Published on NewsOK Modified: December 17, 2013 at 3:28 pm •  Published: December 17, 2013

Recent editorials from Tennessee newspapers:

Dec. 16

The Post-Intelligencer, Paris, Tenn., on the horrible war that never happened:

Do you remember the great South African bloodbath of a generation ago, the all-out warfare between blacks and whites which violently ended generations of apartheid rule?

Of course you don't, because it never happened. Instead, the race-based power blocs in that segregated nation came together peacefully in what stands as a shining moment in world history.

Two such diametrically opposed and powerful forces would seem to have set the stage for a civil war of epic proportions. Instead, a peaceful transition of power was negotiated.

It's probably not accurate to say that Nelson Mandela was responsible for the historic settlement, but it's surely right to say that it wouldn't have happened without him.

He became the symbol of the key ingredient to the solution: Reconciliation.

The black majority of South Africa could have insisted on punishment for those who had oppressed their race for so long, and Mandela had reason to press that view. After all, he had spent 27 years in an apartheid prison. Justice, many would say, required vengeance.

But Mandela wisely saw the vast destruction that lay down that path. For the sake of the nation, he pressed an attitude of forgiveness.

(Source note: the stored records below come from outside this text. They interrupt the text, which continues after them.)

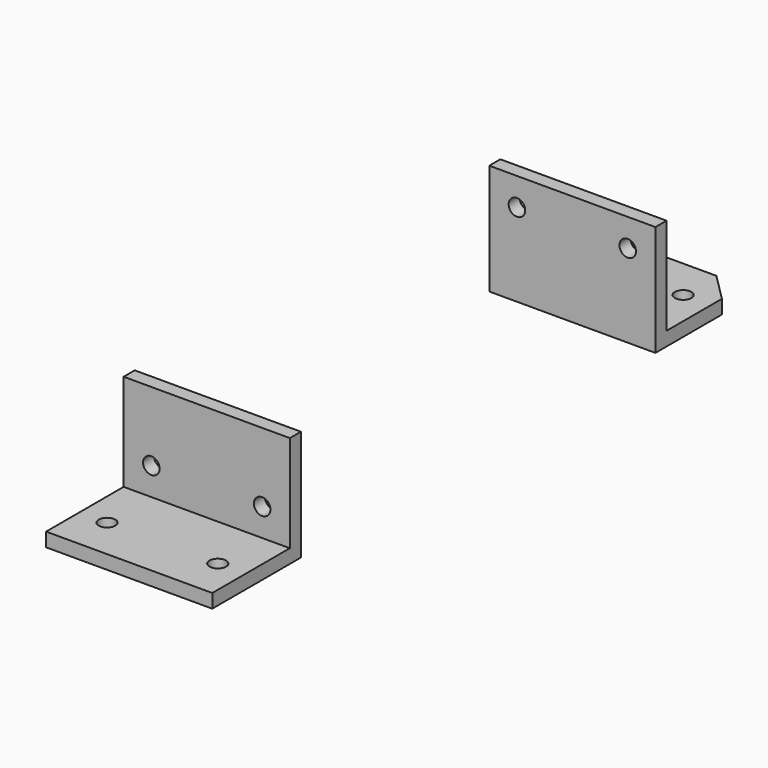
from build123d import *

# Parameters (mm, degrees)
F0_W      = 38.1
F0_H      = 3.175
F1_DEPTH  = 25.4
F2_W      = 3.175
F2_H      = 22.225
F3_DEPTH  = 38.1
F5_D      = 3.7973
F5_DEPTH  = 12.7
F5_TIP    = 1.1408240143
F7_D      = 3.7973
F7_DEPTH  = 12.7
F7_TIP    = 1.1408240143
F10_R     = 3.3782
F10_R_2   = 1.89865
F11_DEPTH = 3.175
F14_D     = 3.7973
F14_DEPTH = 12.7
F14_TIP   = 1.1408240143
F15_R     = 1.89865
F16_DEPTH = 3.175
F18_DEPTH = 25.4


with BuildPart() as f1:
    # F0 (on Front) → F1 (new body)
    with BuildSketch(Plane.XZ):
        with Locations((19.05, -1.5875)):
            Rectangle(F0_W, F0_H)
    extrude(amount=F1_DEPTH)

    # F2 (on face) → F3 (join)
    with BuildSketch(Plane.YZ.offset(38.1)):
        with Locations((-23.8125, 11.1125)):
            Rectangle(F2_W, F2_H)
    extrude(amount=-F3_DEPTH)

    # F5
    with Locations(Plane.XZ.offset(25.4)):
        with Locations((6.35, 15.875), (31.75, 15.875)):
            Hole(F5_D / 2, depth=F5_DEPTH)
            with Locations((0, 0, -(F5_DEPTH + F5_TIP / 2))):  # 118° drill point
                Cone(0, F5_D / 2, F5_TIP, mode=Mode.SUBTRACT)

    # F7
    with Locations(Plane(origin=(0, 0, -3.175), x_dir=(1, 0, 0), z_dir=(0, 0, -1))):
        with Locations((6.35, 9.525), (31.75, 9.525)):
            Hole(F7_D / 2, depth=F7_DEPTH)
            with Locations((0, 0, -(F7_DEPTH + F7_TIP / 2))):  # 118° drill point
                Cone(0, F7_D / 2, F7_TIP, mode=Mode.SUBTRACT)


with BuildPart() as f9_1:
    # F9: instance of F1
    add(f1.part.mirror(Plane(origin=(19.05, -76.2, 9.3728155466), x_dir=(1, 0, 0), z_dir=(0, -1, 0))))


with BuildPart() as f11:
    # F10 (on face) → F11 (new body)
    with BuildSketch(Plane.XZ.offset(130.175)):
        with Locations((6.35, 15.875)):
            Circle(F10_R)
        with Locations((6.35, 15.875)):
            Circle(F10_R_2, mode=Mode.SUBTRACT)
    extrude(amount=-F11_DEPTH)

    # F12: union F9_1
    add(f9_1.part)

    # F14
    with Locations(Plane.XZ.offset(130.175)):
        with Locations((31.75, 6.35), (6.35, 6.35)):
            Hole(F14_D / 2, depth=F14_DEPTH)
            with Locations((0, 0, -(F14_DEPTH + F14_TIP / 2))):  # 118° drill point
                Cone(0, F14_D / 2, F14_TIP, mode=Mode.SUBTRACT)

    # F15 (on face) → F16 (join)
    with BuildSketch(Plane.XZ.offset(130.175)):
        with Locations((6.35, 15.875)):
            Circle(F15_R)
        with Locations((31.75, 15.875)):
            Circle(F15_R)
    extrude(amount=-F16_DEPTH)


with BuildPart() as f1_1:
    add(f1.part)

    # F17 (on face) → F18 (cut)
    with BuildSketch(Plane.XY):
        Polygon((6.35, 0), (0, 0), (0, -6.35), align=None)
        Polygon((38.1, 0), (31.75, 0), (38.1, -6.35), align=None)
    extrude(amount=-F18_DEPTH, mode=Mode.SUBTRACT)


solid = Compound([f11.part, f1_1.part])

As the first president of the newly constructed nation, he was the father of his country. Dead at 95, he was laid to rest in his humble ancestral village. May he rest in peace.




Dec. 17

The Tennessean, Nashville, Tenn., on air quality:

The winds of change are favorable to improved air quality in Tennessee and across the Southeast. We have seen progress recently from the Tennessee Valley Authority particularly. But is it enough to appease the states that are downwind of us?

Just one month ago, TVA's board of directors announced at their meeting in Oxford, Miss., that the utility will shift annual production of 3,308 megawatts of power from coal-generated plants in Kentucky and Alabama to cleaner sources. The result from an environmental standpoint: 15.6 million fewer tons of carbon pollution annually. And new TVA CEO Bill Johnson added that the utility has been directed to reduce coal to approximately 20 percent of its energy portfolio; undoubtedly aided by newly plentiful natural gas sources.

Earlier this year, TVA announced it is spending $1 billion on pollution controls at its Gallatin power plant.

The November announcement drew praise from organizations, including the Southern Alliance for Clean Energy, that have long called for TVA to honor a commitment to minimize burning of fossil fuels and maximize conservation and renewable energy resources.

The kudos were mainly confined to our region, however. As a report in the Charlotte Observer last week noted, governors of Northern states have petitioned the Environmental Protection Agency to set further reductions on air pollution from Tennessee, North Carolina and seven other states in the South and the Rust Belt.